Nicholas Butcher arrives at provincial court in Halifax on Tuesday, April 12, 2016. (Andrew Vaughan/The Canadian Press)

Nicholas Butcher found guilty of second-degree murder of yoga instructor

12-member Nova Scotia Supreme Court jury delivered verdict Saturday after five hours of deliberation

A jury has found Nicholas Butcher guilty of second-degree murder in the death of Montreal-born yoga instructor Kristin Johnston.

The 12-member Nova Scotia Supreme Court jury delivered its verdict Saturday after five hours of deliberation.

Butcher showed no emotion as the verdict was read.

Butcher was charged with second-degree murder after police found Johnston’s body on a blood-soaked bed inside her Halifax-area home next to a steak knife on March 26, 2016.

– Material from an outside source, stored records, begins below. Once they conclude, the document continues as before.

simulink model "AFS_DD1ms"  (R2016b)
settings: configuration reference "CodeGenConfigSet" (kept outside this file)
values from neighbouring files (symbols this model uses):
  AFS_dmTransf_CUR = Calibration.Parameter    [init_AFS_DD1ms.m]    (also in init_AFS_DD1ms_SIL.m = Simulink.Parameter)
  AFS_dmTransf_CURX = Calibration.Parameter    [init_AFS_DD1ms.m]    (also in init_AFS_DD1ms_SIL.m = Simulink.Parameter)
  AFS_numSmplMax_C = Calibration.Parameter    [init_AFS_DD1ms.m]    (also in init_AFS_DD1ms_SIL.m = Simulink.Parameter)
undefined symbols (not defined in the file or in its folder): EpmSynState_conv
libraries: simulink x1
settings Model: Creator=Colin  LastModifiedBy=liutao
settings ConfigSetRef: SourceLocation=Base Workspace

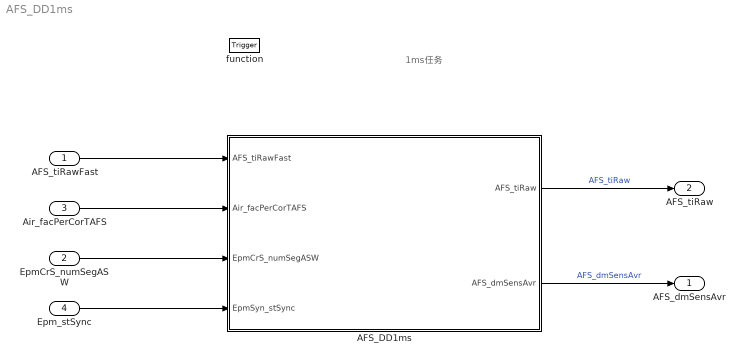
== system AFS_DD1ms ==
  note: 1ms任务
  AFS_tiRawFast : Inport  Tag=us  Description=Raw air mass period  OutMin=0  OutMax=107374182  OutDataTypeStr=Time_PwmHigh_us
  EpmCrS_numSegASW : Inport  Description=counter of part segments  Port=2  OutMin=0  OutMax=255  OutDataTypeStr=State_uint8
  Air_facPerCorTAFS : Inport  Description=Period correction factor for air mass signal.  Port=3  OutMin=-4  OutMax=3.9999  OutDataTypeStr=Fact8192
  Epm_stSync : Inport  Description=State of synchronization  Port=4  OutDataTypeStr=Enum: EpmSynState_conv
  function : TriggerPort  TriggerType=function-call  VariantControl=Variant
  AFS_DD1ms : Subsystem
  AFS_dmSensAvr : Outport  Tag=kg/h  Description=Averaged Sensed air mass flow  OutMin=-8192  OutMax=8191  OutDataTypeStr=AirMassPerTime
  AFS_tiRaw : Outport  Tag=us  Description=Raw air mass period  Port=2  OutMin=0  OutMax=107374182  OutDataTypeStr=Time_PwmHigh_us
  wires:
  EpmCrS_numSegASW/1 -> AFS_DD1ms/3(EpmCrS_numSegASW)
  AFS_tiRawFast/1 -> AFS_DD1ms/1(AFS_tiRawFast)
  AFS_DD1ms/1(AFS_tiRaw) -> AFS_tiRaw/1  "AFS_tiRaw"
  AFS_DD1ms/2(AFS_dmSensAvr) -> AFS_dmSensAvr/1  "AFS_dmSensAvr"
  Air_facPerCorTAFS/1 -> AFS_DD1ms/2(Air_facPerCorTAFS)
  Epm_stSync/1 -> AFS_DD1ms/4(EpmSyn_stSync)

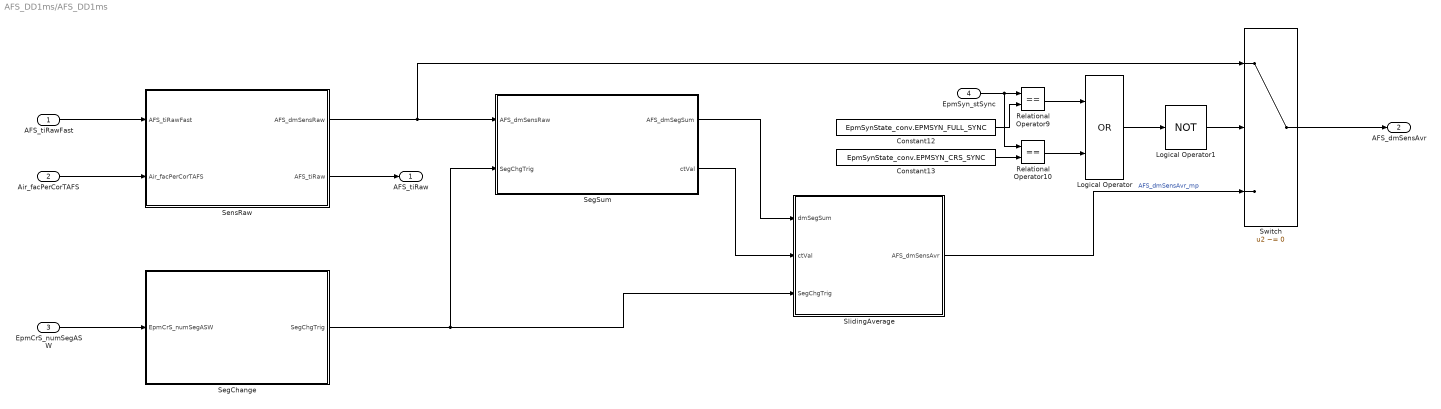
== system AFS_DD1ms/AFS_DD1ms ==
  AFS_tiRawFast : Inport
  Air_facPerCorTAFS : Inport  Port=2  OutDataTypeStr=Fact8192
  EpmCrS_numSegASW : Inport  Port=3
  EpmSyn_stSync : Inport  Port=4
  Constant12 : Constant  Value=EpmSynState_conv.EPMSYN_FULL_SYNC
  Constant13 : Constant  Value=EpmSynState_conv.EPMSYN_CRS_SYNC
  Logical Operator : Logic  Operator=OR  AllPortsSameDT=off  OutDataTypeStr=boolean
  Logical Operator1 : Logic  Operator=NOT  AllPortsSameDT=off  OutDataTypeStr=boolean
  Relational Operator10 : RelationalOperator  Operator===  OutDataTypeStr=boolean  RndMeth=Simplest
  Relational Operator9 : RelationalOperator  Operator===  OutDataTypeStr=boolean  RndMeth=Simplest
  SegChange : Subsystem
  SegSum : Subsystem
  SensRaw : Subsystem
  SlidingAverage : Subsystem
  Switch : Switch  Criteria=u2 ~= 0
  AFS_tiRaw : Outport
  AFS_dmSensAvr : Outport  Port=2
  wires:
  EpmCrS_numSegASW/1 -> SegChange/1(EpmCrS_numSegASW)
  SensRaw/2(AFS_tiRaw) -> AFS_tiRaw/1
  AFS_tiRawFast/1 -> SensRaw/1(AFS_tiRawFast)
  SensRaw/1(AFS_dmSensRaw) -> Switch/1, SegSum/1(AFS_dmSensRaw)
  SegSum/2(ctVal) -> SlidingAverage/2(ctVal)
  SegSum/1(AFS_dmSegSum) -> SlidingAverage/1(dmSegSum)
  Air_facPerCorTAFS/1 -> SensRaw/2(Air_facPerCorTAFS)
  SegChange/1(SegChgTrig) -> SlidingAverage/3(SegChgTrig), SegSum/2(SegChgTrig)
  EpmSyn_stSync/1 -> Relational Operator10/1, Relational Operator9/1
  Constant12/1 -> Relational Operator9/2
  Constant13/1 -> Relational Operator10/2
  Relational Operator9/1 -> Logical Operator/1
  Relational Operator10/1 -> Logical Operator/2
  Logical Operator/1 -> Logical Operator1/1
  Logical Operator1/1 -> Switch/2
  SlidingAverage/1(AFS_dmSensAvr) -> Switch/3  "AFS_dmSensAvr_mp"
  Switch/1 -> AFS_dmSensAvr/1

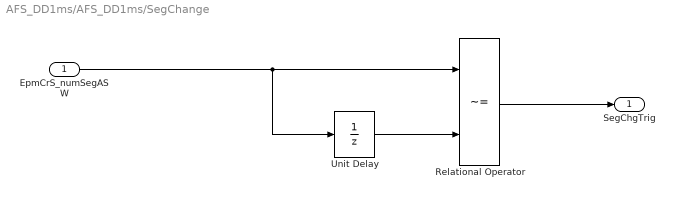
== system AFS_DD1ms/AFS_DD1ms/SegChange ==
  EpmCrS_numSegASW : Inport
  Relational Operator : RelationalOperator  Operator=~=  OutDataTypeStr=boolean  RndMeth=Simplest
  Unit Delay : UnitDelay  SampleTime=-1
      settings: AttributesFormatString=InitialValue=%<InitialCondition>
  SegChgTrig : Outport
  wires:
  EpmCrS_numSegASW/1 -> Unit Delay/1, Relational Operator/1
  Unit Delay/1 -> Relational Operator/2
  Relational Operator/1 -> SegChgTrig/1

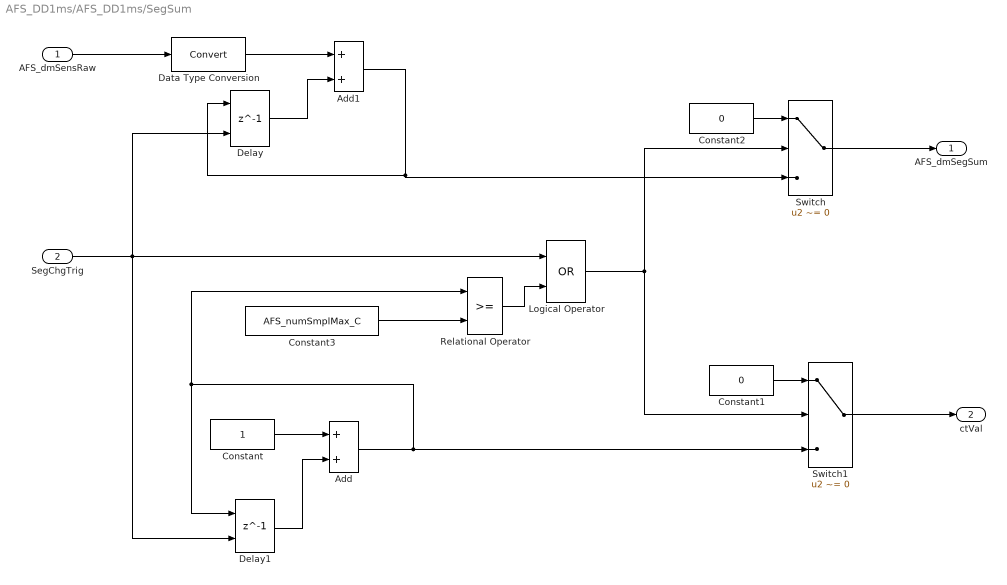
== system AFS_DD1ms/AFS_DD1ms/SegSum ==
  AFS_dmSensRaw : Inport
  SegChgTrig : Inport  Port=2
  Add : Sum
  Add1 : Sum  AccumDataTypeStr=fixdt(1,32,0.25,0)  SaturateOnIntegerOverflow=on
  Constant : Constant  OutDataTypeStr=State_uint8
  Constant1 : Constant  Value=0  OutDataTypeStr=State_uint8
  Constant2 : Constant  Value=0  OutDataTypeStr=AirMassPerTime
  Constant3 : Constant  Value=AFS_numSmplMax_C
  Data Type Conversion : DataTypeConversion
  Delay : Delay  DelayLength=1  InitialCondition=0  ExternalReset=Falling
      settings: InputPortMap=u0,r5
  Delay1 : Delay  DelayLength=1  InitialCondition=0  ExternalReset=Falling
      settings: InputPortMap=u0,r5
  Logical Operator : Logic  Operator=OR  AllPortsSameDT=off  OutDataTypeStr=boolean
  Relational Operator : RelationalOperator  OutDataTypeStr=boolean  RndMeth=Simplest  InputSameDT=on
  Switch : Switch  Criteria=u2 ~= 0
  Switch1 : Switch  Criteria=u2 ~= 0
  AFS_dmSegSum : Outport  OutDataTypeStr=fixdt(1,32,0.25,0)
  ctVal : Outport  Port=2
  wires:
  Add/1 -> Switch1/3, Relational Operator/1, Delay1/1
  Constant/1 -> Add/1
  Add1/1 -> Delay/1, Switch/3
  AFS_dmSensRaw/1 -> Data Type Conversion/1
  SegChgTrig/1 -> Delay1/2, Logical Operator/1, Delay/2
  Switch/1 -> AFS_dmSegSum/1
  Switch1/1 -> ctVal/1
  Constant1/1 -> Switch1/1
  Constant2/1 -> Switch/1
  Delay/1 -> Add1/2
  Delay1/1 -> Add/2
  Logical Operator/1 -> Switch1/2, Switch/2
  Relational Operator/1 -> Logical Operator/2
  Constant3/1 -> Relational Operator/2
  Data Type Conversion/1 -> Add1/1

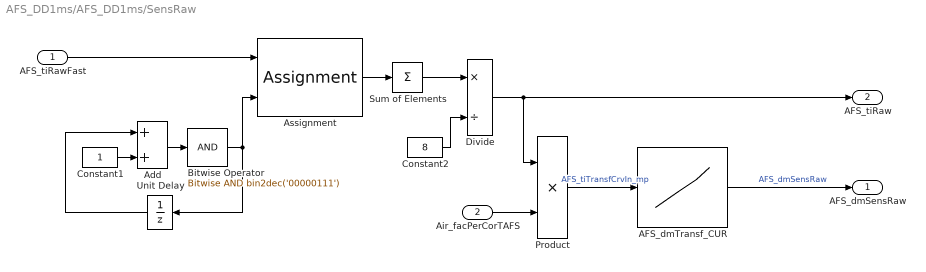
== system AFS_DD1ms/AFS_DD1ms/SensRaw ==
  AFS_tiRawFast : Inport
  Air_facPerCorTAFS : Inport  Port=2
  AFS_dmTransf_CUR : Lookup_n-D  NumberOfTableDimensions=1  BreakpointsForDimension1=AFS_dmTransf_CURX  Table=AFS_dmTransf_CUR  TableDataTypeStr=Inherit: Inherit from 'Table data'  ExtrapMethod=Clip  InternalRulePriority=Speed  OutDataTypeStr=Inherit: Inherit from 'Table data'  RndMeth=Simplest  InputSameDT=on
  Add : Sum  OutDataTypeStr=uint8
  Assignment : Assignment  IndexMode=Zero-based  OutputInitialize=Specify size for each dimension in table  DiagnosticForDimensions=Warning  IndexOptions=Index vector (port)  Indices=1  OutputSizes=8
  Bitwise Operator : simulink/Logic and Bit Operations/Bitwise Operator  logicop=AND  UseBitMask=on  BitMask=bin2dec('00000111')  BitMaskRealWorld=Stored Integer
  Constant1 : Constant  OutDataTypeStr=uint8
  Constant2 : Constant  Value=8  OutDataTypeStr=uint8
  Divide : Product  Inputs=*/  OutDataTypeStr=Inherit: Same as first input
  Product : Product  OutDataTypeStr=Inherit: Inherit via back propagation  SaturateOnIntegerOverflow=on
  Sum of Elements : Sum  Inputs=+
  Unit Delay : UnitDelay  SampleTime=-1
  AFS_dmSensRaw : Outport  OutputWhenDisabled=reset  InitialOutput=0
  AFS_tiRaw : Outport  Port=2
  wires:
  Product/1 -> AFS_dmTransf_CUR/1  "AFS_tiTransfCrvIn_mp"
  AFS_dmTransf_CUR/1 -> AFS_dmSensRaw/1  "AFS_dmSensRaw"
  Air_facPerCorTAFS/1 -> Product/2
  Assignment/1 -> Sum of Elements/1
  Add/1 -> Bitwise Operator/1
  Constant1/1 -> Add/2
  Bitwise Operator/1 -> Assignment/2, Unit Delay/1
  Unit Delay/1 -> Add/1
  Sum of Elements/1 -> Divide/1
  Divide/1 -> Product/1, AFS_tiRaw/1
  Constant2/1 -> Divide/2
  AFS_tiRawFast/1 -> Assignment/1

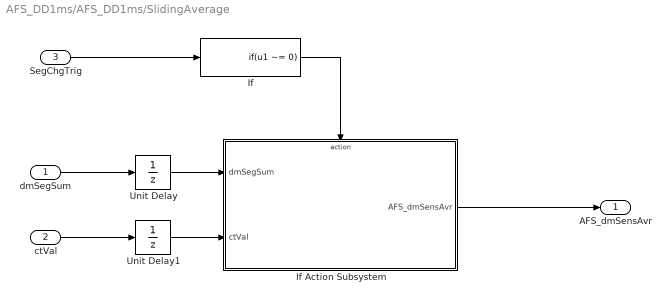
== system AFS_DD1ms/AFS_DD1ms/SlidingAverage ==
  dmSegSum : Inport
  ctVal : Inport  Port=2
  SegChgTrig : Inport  Port=3
  If : If  IfExpression=u1 ~= 0  ShowElse=off
  If Action Subsystem : Subsystem  TreatAsAtomicUnit=on
  Unit Delay : UnitDelay  SampleTime=-1
      settings: AttributesFormatString=InitialValue=%<InitialCondition>
  Unit Delay1 : UnitDelay  SampleTime=-1
      settings: AttributesFormatString=InitialValue=%<InitialCondition>
  AFS_dmSensAvr : Outport
  wires:
  If Action Subsystem/1(AFS_dmSensAvr) -> AFS_dmSensAvr/1
  SegChgTrig/1 -> If/1
  If/1 -> If Action Subsystem/Action
  dmSegSum/1 -> Unit Delay/1
  ctVal/1 -> Unit Delay1/1
  Unit Delay/1 -> If Action Subsystem/1(dmSegSum)
  Unit Delay1/1 -> If Action Subsystem/2(ctVal)

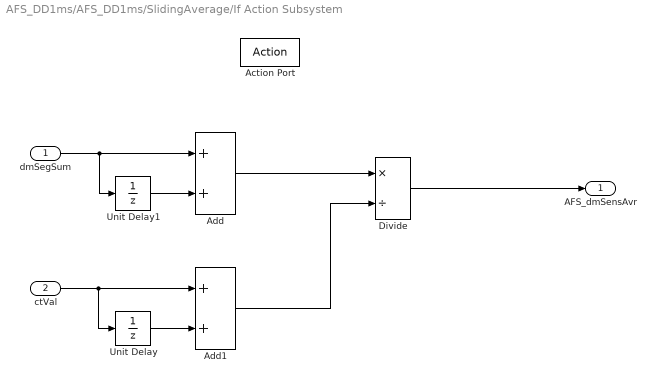
== system AFS_DD1ms/AFS_DD1ms/SlidingAverage/If Action Subsystem ==
  dmSegSum : Inport
  ctVal : Inport  Port=2
  Action Port : ActionPort  ActionType=then
  Add : Sum  SaturateOnIntegerOverflow=on
  Add1 : Sum  SaturateOnIntegerOverflow=on
  Divide : Product  Inputs=*/  OutDataTypeStr=Inherit: Inherit via back propagation  SaturateOnIntegerOverflow=on
  Unit Delay : UnitDelay  SampleTime=-1
      settings: AttributesFormatString=InitialValue=%<InitialCondition>
  Unit Delay1 : UnitDelay  SampleTime=-1
      settings: AttributesFormatString=InitialValue=%<InitialCondition>
  AFS_dmSensAvr : Outport
  wires:
  ctVal/1 -> Unit Delay/1, Add1/1
  Add1/1 -> Divide/2
  Add/1 -> Divide/1
  dmSegSum/1 -> Unit Delay1/1, Add/1
  Divide/1 -> AFS_dmSensAvr/1
  Unit Delay1/1 -> Add/2
  Unit Delay/1 -> Add1/2

WARNING: Graphic content. Audio of a 911 call Nicholas Butcher made in March 2016 has been played in a Halifax court.

The jury heard that Butcher and Johnston were in a relationship at the time of her death, and lived together at her home in Purcells Cove.

The Crown argued that Butcher deliberately killed Johnston after realizing their relationship was deteriorating, but the defence had argued Butcher was acting in self-defence after she attacked him.

Crown lawyer Carla Ball suggested Butcher stabbed Johnston to death and then tried to kill himself with the same knife before cutting off his right hand with a mitre saw.

In her closing arguments, Ball said: “He decided that if he could not have Kristin Johnston, no one else could have her.”

Defence lawyer Peter Planetta told the jury that Butcher did not intend to kill Johnston.

Planetta said Johnston got a knife as Butcher slept and stabbed him in the neck, and that he was acting in self-defence when he fought back.

The trial has heard Butcher called 911 and told the dispatcher he had killed his girlfriend and tried to kill himself. He cut off his right hand with a mitre saw, but it was surgically reattached.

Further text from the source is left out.